(RECORDS SUPPLIED Opens)
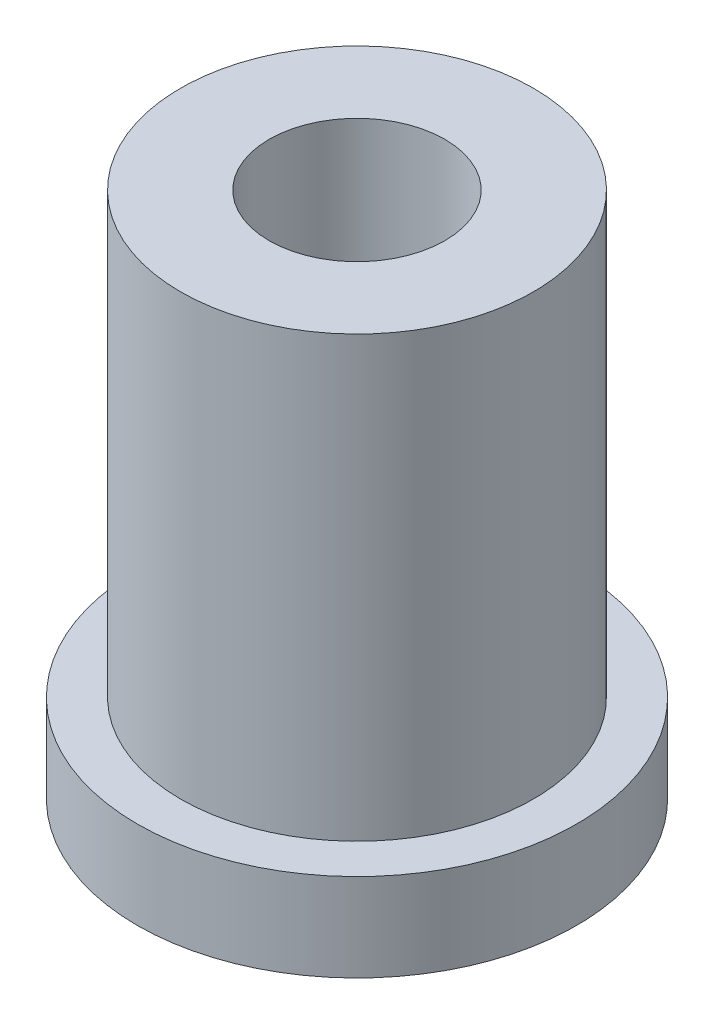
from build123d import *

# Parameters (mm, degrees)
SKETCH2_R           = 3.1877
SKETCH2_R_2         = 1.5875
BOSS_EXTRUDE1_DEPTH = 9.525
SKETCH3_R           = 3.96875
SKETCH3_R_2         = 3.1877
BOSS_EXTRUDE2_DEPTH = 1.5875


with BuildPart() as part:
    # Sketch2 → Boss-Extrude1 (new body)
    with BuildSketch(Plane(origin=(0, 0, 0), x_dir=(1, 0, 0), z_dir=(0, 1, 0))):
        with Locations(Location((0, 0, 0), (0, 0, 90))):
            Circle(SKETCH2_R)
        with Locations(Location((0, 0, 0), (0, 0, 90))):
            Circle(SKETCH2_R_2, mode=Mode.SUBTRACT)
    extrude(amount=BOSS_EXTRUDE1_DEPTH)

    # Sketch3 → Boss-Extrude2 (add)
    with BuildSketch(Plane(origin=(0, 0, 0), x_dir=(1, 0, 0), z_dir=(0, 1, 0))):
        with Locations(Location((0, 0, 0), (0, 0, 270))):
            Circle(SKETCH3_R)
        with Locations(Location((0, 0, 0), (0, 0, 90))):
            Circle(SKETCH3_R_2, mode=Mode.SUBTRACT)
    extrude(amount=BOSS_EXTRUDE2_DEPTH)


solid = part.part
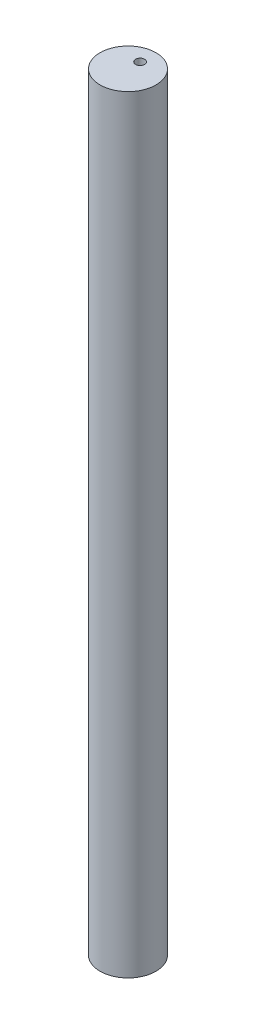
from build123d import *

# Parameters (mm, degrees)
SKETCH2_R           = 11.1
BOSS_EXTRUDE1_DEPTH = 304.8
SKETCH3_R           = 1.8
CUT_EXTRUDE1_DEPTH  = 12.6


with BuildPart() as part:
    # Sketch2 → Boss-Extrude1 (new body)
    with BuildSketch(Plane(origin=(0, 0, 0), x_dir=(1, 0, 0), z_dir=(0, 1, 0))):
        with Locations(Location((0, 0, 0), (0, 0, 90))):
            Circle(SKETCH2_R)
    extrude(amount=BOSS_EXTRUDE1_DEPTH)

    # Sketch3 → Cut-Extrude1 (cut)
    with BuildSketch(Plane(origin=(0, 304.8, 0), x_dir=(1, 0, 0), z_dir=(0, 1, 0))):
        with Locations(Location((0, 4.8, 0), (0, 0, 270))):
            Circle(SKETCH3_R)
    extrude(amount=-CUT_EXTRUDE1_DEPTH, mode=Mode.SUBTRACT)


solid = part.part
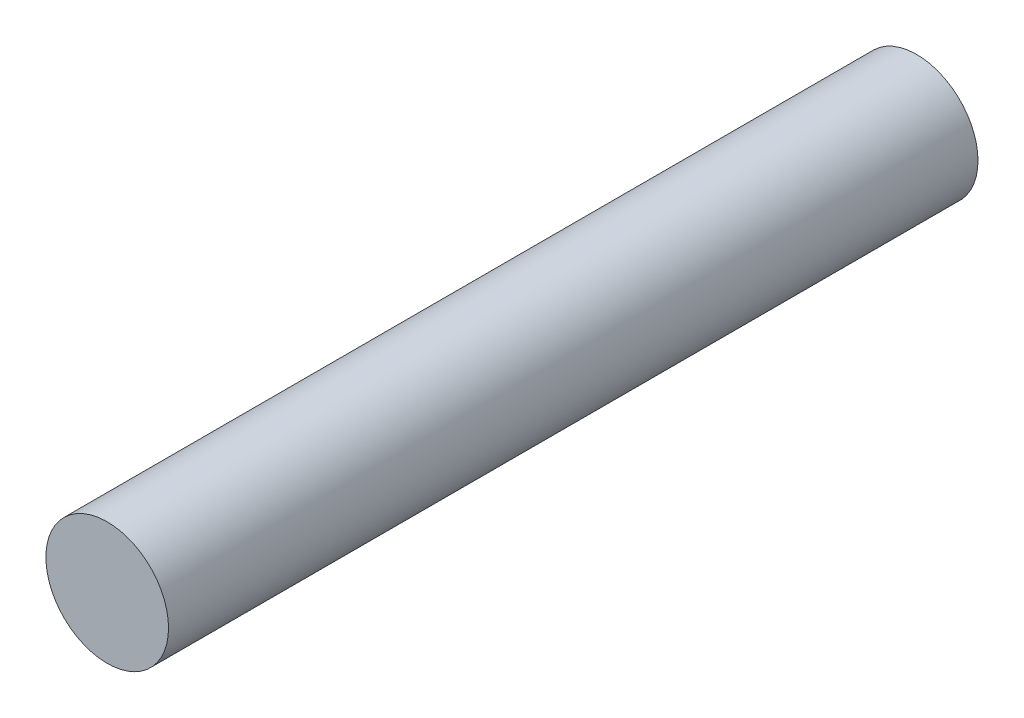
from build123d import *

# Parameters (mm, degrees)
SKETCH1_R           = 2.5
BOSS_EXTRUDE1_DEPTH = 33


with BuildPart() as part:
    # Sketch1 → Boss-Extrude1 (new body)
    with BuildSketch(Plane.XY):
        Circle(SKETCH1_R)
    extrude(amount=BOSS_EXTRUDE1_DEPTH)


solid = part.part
(RECORDS SUPPLIED Closes)
§ PROBLEM TO SOLVE:
Every line above should be reproduced exactly, please, with no pictures included.

§ WRITTEN SOLUTION:
from build123d import *

# Parameters (mm, degrees)
SKETCH2_R           = 3.1877
SKETCH2_R_2         = 1.5875
BOSS_EXTRUDE1_DEPTH = 9.525
SKETCH3_R           = 3.96875
SKETCH3_R_2         = 3.1877
BOSS_EXTRUDE2_DEPTH = 1.5875


with BuildPart() as part:
    # Sketch2 → Boss-Extrude1 (new body)
    with BuildSketch(Plane(origin=(0, 0, 0), x_dir=(1, 0, 0), z_dir=(0, 1, 0))):
        with Locations(Location((0, 0, 0), (0, 0, 90))):
            Circle(SKETCH2_R)
        with Locations(Location((0, 0, 0), (0, 0, 90))):
            Circle(SKETCH2_R_2, mode=Mode.SUBTRACT)
    extrude(amount=BOSS_EXTRUDE1_DEPTH)

    # Sketch3 → Boss-Extrude2 (add)
    with BuildSketch(Plane(origin=(0, 0, 0), x_dir=(1, 0, 0), z_dir=(0, 1, 0))):
        with Locations(Location((0, 0, 0), (0, 0, 270))):
            Circle(SKETCH3_R)
        with Locations(Location((0, 0, 0), (0, 0, 90))):
            Circle(SKETCH3_R_2, mode=Mode.SUBTRACT)
    extrude(amount=BOSS_EXTRUDE2_DEPTH)


solid = part.part
from build123d import *

# Parameters (mm, degrees)
SKETCH2_R           = 11.1
BOSS_EXTRUDE1_DEPTH = 304.8
SKETCH3_R           = 1.8
CUT_EXTRUDE1_DEPTH  = 12.6


with BuildPart() as part:
    # Sketch2 → Boss-Extrude1 (new body)
    with BuildSketch(Plane(origin=(0, 0, 0), x_dir=(1, 0, 0), z_dir=(0, 1, 0))):
        with Locations(Location((0, 0, 0), (0, 0, 90))):
            Circle(SKETCH2_R)
    extrude(amount=BOSS_EXTRUDE1_DEPTH)

    # Sketch3 → Cut-Extrude1 (cut)
    with BuildSketch(Plane(origin=(0, 304.8, 0), x_dir=(1, 0, 0), z_dir=(0, 1, 0))):
        with Locations(Location((0, 4.8, 0), (0, 0, 270))):
            Circle(SKETCH3_R)
    extrude(amount=-CUT_EXTRUDE1_DEPTH, mode=Mode.SUBTRACT)


solid = part.part
from build123d import *

# Parameters (mm, degrees)
SKETCH1_R           = 2.5
BOSS_EXTRUDE1_DEPTH = 33


with BuildPart() as part:
    # Sketch1 → Boss-Extrude1 (new body)
    with BuildSketch(Plane.XY):
        Circle(SKETCH1_R)
    extrude(amount=BOSS_EXTRUDE1_DEPTH)


solid = part.part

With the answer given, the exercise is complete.